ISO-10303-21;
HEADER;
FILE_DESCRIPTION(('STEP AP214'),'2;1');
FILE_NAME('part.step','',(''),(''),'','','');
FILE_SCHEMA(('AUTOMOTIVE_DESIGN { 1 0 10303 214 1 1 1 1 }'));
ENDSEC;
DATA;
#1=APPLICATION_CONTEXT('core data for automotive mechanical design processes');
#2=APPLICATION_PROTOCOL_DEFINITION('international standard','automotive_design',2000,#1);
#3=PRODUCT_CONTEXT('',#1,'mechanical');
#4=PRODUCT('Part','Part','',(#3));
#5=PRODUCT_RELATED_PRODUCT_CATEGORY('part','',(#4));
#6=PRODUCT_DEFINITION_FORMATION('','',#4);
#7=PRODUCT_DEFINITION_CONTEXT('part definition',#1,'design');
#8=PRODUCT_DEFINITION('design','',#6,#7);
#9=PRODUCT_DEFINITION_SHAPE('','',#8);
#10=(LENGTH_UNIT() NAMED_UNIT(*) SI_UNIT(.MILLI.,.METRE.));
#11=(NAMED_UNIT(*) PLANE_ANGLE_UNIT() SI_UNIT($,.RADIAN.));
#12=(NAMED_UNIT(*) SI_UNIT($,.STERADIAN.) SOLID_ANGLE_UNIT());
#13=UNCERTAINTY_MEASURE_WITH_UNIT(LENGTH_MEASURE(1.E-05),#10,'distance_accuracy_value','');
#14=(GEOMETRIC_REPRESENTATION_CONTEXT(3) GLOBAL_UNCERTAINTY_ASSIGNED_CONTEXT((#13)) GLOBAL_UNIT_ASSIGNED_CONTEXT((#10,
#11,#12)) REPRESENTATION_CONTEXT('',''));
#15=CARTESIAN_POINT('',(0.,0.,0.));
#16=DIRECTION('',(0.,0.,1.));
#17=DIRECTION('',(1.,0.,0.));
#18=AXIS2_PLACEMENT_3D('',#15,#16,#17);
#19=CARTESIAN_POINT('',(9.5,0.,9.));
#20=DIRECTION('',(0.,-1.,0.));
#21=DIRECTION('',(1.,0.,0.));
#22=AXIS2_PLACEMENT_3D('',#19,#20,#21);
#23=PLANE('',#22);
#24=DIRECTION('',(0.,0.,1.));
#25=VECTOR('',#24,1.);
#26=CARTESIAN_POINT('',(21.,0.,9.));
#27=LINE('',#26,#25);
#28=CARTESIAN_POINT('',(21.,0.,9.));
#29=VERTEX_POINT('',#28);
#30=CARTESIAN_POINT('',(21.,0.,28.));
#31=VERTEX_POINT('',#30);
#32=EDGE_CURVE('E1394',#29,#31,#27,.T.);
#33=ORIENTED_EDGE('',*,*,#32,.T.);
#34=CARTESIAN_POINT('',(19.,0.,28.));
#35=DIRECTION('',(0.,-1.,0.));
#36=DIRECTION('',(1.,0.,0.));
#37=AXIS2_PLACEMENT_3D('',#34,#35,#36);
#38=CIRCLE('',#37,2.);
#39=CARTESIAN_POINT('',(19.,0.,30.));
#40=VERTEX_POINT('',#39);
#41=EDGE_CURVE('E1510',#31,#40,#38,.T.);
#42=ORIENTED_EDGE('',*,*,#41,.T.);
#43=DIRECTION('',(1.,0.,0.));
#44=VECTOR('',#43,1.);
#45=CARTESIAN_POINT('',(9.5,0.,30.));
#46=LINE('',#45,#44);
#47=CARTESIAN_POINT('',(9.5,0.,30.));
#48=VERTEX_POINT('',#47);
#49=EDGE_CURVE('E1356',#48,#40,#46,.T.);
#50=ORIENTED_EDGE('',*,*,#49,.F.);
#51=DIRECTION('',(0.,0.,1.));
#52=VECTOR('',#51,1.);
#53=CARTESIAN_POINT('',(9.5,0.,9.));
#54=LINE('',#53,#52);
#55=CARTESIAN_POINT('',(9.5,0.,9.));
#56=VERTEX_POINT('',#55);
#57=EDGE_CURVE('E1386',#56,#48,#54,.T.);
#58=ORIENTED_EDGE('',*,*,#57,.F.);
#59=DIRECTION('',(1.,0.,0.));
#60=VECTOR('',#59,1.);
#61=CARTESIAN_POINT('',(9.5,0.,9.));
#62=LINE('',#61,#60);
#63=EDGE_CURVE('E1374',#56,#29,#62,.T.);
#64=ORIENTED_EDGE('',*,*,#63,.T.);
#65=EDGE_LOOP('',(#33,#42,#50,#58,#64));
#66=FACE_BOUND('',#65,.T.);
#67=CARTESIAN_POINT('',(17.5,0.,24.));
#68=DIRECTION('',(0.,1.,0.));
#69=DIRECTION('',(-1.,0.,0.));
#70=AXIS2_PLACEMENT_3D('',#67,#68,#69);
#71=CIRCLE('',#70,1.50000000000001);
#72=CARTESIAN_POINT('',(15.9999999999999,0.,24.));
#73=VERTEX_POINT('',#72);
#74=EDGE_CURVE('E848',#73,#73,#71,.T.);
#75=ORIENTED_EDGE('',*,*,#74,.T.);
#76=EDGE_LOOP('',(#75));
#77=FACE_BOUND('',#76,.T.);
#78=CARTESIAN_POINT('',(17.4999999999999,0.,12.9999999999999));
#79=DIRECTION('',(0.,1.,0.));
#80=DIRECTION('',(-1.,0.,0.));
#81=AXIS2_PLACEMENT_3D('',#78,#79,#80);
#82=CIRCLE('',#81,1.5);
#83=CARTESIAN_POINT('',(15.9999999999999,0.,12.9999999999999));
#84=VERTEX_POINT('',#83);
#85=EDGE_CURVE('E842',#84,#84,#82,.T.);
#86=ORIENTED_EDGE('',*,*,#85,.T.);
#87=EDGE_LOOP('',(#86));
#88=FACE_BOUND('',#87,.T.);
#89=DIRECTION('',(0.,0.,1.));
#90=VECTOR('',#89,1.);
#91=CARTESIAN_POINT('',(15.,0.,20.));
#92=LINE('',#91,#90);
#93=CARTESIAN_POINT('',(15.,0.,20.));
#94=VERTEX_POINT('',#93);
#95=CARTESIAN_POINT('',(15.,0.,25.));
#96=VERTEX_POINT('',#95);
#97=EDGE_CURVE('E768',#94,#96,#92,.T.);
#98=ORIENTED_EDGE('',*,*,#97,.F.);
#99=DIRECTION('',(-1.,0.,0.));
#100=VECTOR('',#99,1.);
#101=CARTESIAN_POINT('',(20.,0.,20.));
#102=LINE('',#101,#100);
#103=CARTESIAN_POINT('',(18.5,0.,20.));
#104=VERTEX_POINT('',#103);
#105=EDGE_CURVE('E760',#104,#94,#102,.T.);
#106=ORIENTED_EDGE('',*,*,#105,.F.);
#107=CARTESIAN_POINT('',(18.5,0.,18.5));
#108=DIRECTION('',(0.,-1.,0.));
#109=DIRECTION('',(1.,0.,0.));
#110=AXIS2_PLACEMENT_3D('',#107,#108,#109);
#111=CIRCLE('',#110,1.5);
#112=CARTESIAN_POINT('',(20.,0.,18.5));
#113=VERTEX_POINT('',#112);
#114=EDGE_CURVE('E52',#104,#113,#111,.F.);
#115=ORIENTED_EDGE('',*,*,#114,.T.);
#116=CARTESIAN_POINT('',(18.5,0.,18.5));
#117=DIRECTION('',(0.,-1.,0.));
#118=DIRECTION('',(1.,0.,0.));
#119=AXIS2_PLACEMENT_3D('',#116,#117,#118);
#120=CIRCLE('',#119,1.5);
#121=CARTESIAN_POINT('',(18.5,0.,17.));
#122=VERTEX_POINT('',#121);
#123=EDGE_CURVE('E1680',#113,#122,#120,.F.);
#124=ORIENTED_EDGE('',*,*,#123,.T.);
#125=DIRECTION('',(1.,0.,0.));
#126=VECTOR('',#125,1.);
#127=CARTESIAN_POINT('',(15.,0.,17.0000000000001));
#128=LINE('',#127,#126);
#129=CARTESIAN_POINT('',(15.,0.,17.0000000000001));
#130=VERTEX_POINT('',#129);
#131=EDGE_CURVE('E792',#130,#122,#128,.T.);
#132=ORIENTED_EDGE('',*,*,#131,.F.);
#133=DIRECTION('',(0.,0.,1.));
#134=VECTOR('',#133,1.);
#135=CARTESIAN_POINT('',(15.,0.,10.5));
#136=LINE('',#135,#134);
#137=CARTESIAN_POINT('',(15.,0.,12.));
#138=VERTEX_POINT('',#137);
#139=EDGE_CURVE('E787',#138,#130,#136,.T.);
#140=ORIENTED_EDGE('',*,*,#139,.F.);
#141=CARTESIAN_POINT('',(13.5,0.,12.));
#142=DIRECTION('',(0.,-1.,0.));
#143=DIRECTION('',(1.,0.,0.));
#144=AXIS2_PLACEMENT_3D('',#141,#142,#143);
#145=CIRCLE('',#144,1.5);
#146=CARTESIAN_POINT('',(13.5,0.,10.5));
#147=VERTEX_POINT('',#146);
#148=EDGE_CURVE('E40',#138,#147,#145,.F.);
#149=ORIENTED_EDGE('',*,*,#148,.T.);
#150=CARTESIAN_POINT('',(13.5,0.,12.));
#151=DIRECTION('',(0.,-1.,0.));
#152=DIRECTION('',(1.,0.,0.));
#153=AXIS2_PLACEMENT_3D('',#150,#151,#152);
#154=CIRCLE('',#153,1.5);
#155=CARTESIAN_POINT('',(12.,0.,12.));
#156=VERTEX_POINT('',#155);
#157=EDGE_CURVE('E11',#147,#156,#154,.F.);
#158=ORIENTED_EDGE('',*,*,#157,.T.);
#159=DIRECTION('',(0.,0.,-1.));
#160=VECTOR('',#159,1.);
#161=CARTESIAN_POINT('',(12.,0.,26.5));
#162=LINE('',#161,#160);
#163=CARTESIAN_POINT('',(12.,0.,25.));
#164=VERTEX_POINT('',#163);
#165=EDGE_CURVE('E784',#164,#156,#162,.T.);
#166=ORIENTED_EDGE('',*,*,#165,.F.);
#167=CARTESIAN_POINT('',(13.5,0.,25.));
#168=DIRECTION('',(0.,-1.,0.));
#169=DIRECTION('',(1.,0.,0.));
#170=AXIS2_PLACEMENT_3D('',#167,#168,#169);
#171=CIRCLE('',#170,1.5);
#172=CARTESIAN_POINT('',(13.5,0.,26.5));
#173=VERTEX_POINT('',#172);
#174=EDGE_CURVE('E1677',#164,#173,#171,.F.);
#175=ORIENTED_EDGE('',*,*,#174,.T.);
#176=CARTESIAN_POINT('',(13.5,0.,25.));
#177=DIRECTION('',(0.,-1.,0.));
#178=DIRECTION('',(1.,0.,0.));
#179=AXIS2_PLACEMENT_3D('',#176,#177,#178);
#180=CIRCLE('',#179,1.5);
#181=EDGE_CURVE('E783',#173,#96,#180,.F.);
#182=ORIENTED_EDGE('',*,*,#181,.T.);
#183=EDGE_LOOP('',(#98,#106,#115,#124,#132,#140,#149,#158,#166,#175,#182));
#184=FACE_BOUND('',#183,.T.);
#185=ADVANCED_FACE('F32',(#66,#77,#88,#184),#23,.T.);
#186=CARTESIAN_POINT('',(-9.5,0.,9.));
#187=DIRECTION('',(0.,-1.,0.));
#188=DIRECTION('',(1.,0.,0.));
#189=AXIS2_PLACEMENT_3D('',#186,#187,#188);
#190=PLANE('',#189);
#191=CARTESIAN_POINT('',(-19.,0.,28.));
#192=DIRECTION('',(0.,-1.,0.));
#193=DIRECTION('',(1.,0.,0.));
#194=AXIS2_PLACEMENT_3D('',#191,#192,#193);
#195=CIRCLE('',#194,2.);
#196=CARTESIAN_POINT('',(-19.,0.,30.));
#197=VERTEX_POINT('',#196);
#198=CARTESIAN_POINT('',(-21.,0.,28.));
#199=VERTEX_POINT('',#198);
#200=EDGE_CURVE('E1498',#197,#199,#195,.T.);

### TASK DETAILS:
Reproduce word for word the material above, starting with the line that has "#135=CARTESIAN_POINT('',(15.,0.,10.5));" and stopping after the line that has "#147=VERTEX_POINT('',#146);".

### SOLUTION:
#135=CARTESIAN_POINT('',(15.,0.,10.5));
#136=LINE('',#135,#134);
#137=CARTESIAN_POINT('',(15.,0.,12.));
#138=VERTEX_POINT('',#137);
#139=EDGE_CURVE('E787',#138,#130,#136,.T.);
#140=ORIENTED_EDGE('',*,*,#139,.F.);
#141=CARTESIAN_POINT('',(13.5,0.,12.));
#142=DIRECTION('',(0.,-1.,0.));
#143=DIRECTION('',(1.,0.,0.));
#144=AXIS2_PLACEMENT_3D('',#141,#142,#143);
#145=CIRCLE('',#144,1.5);
#146=CARTESIAN_POINT('',(13.5,0.,10.5));
#147=VERTEX_POINT('',#146);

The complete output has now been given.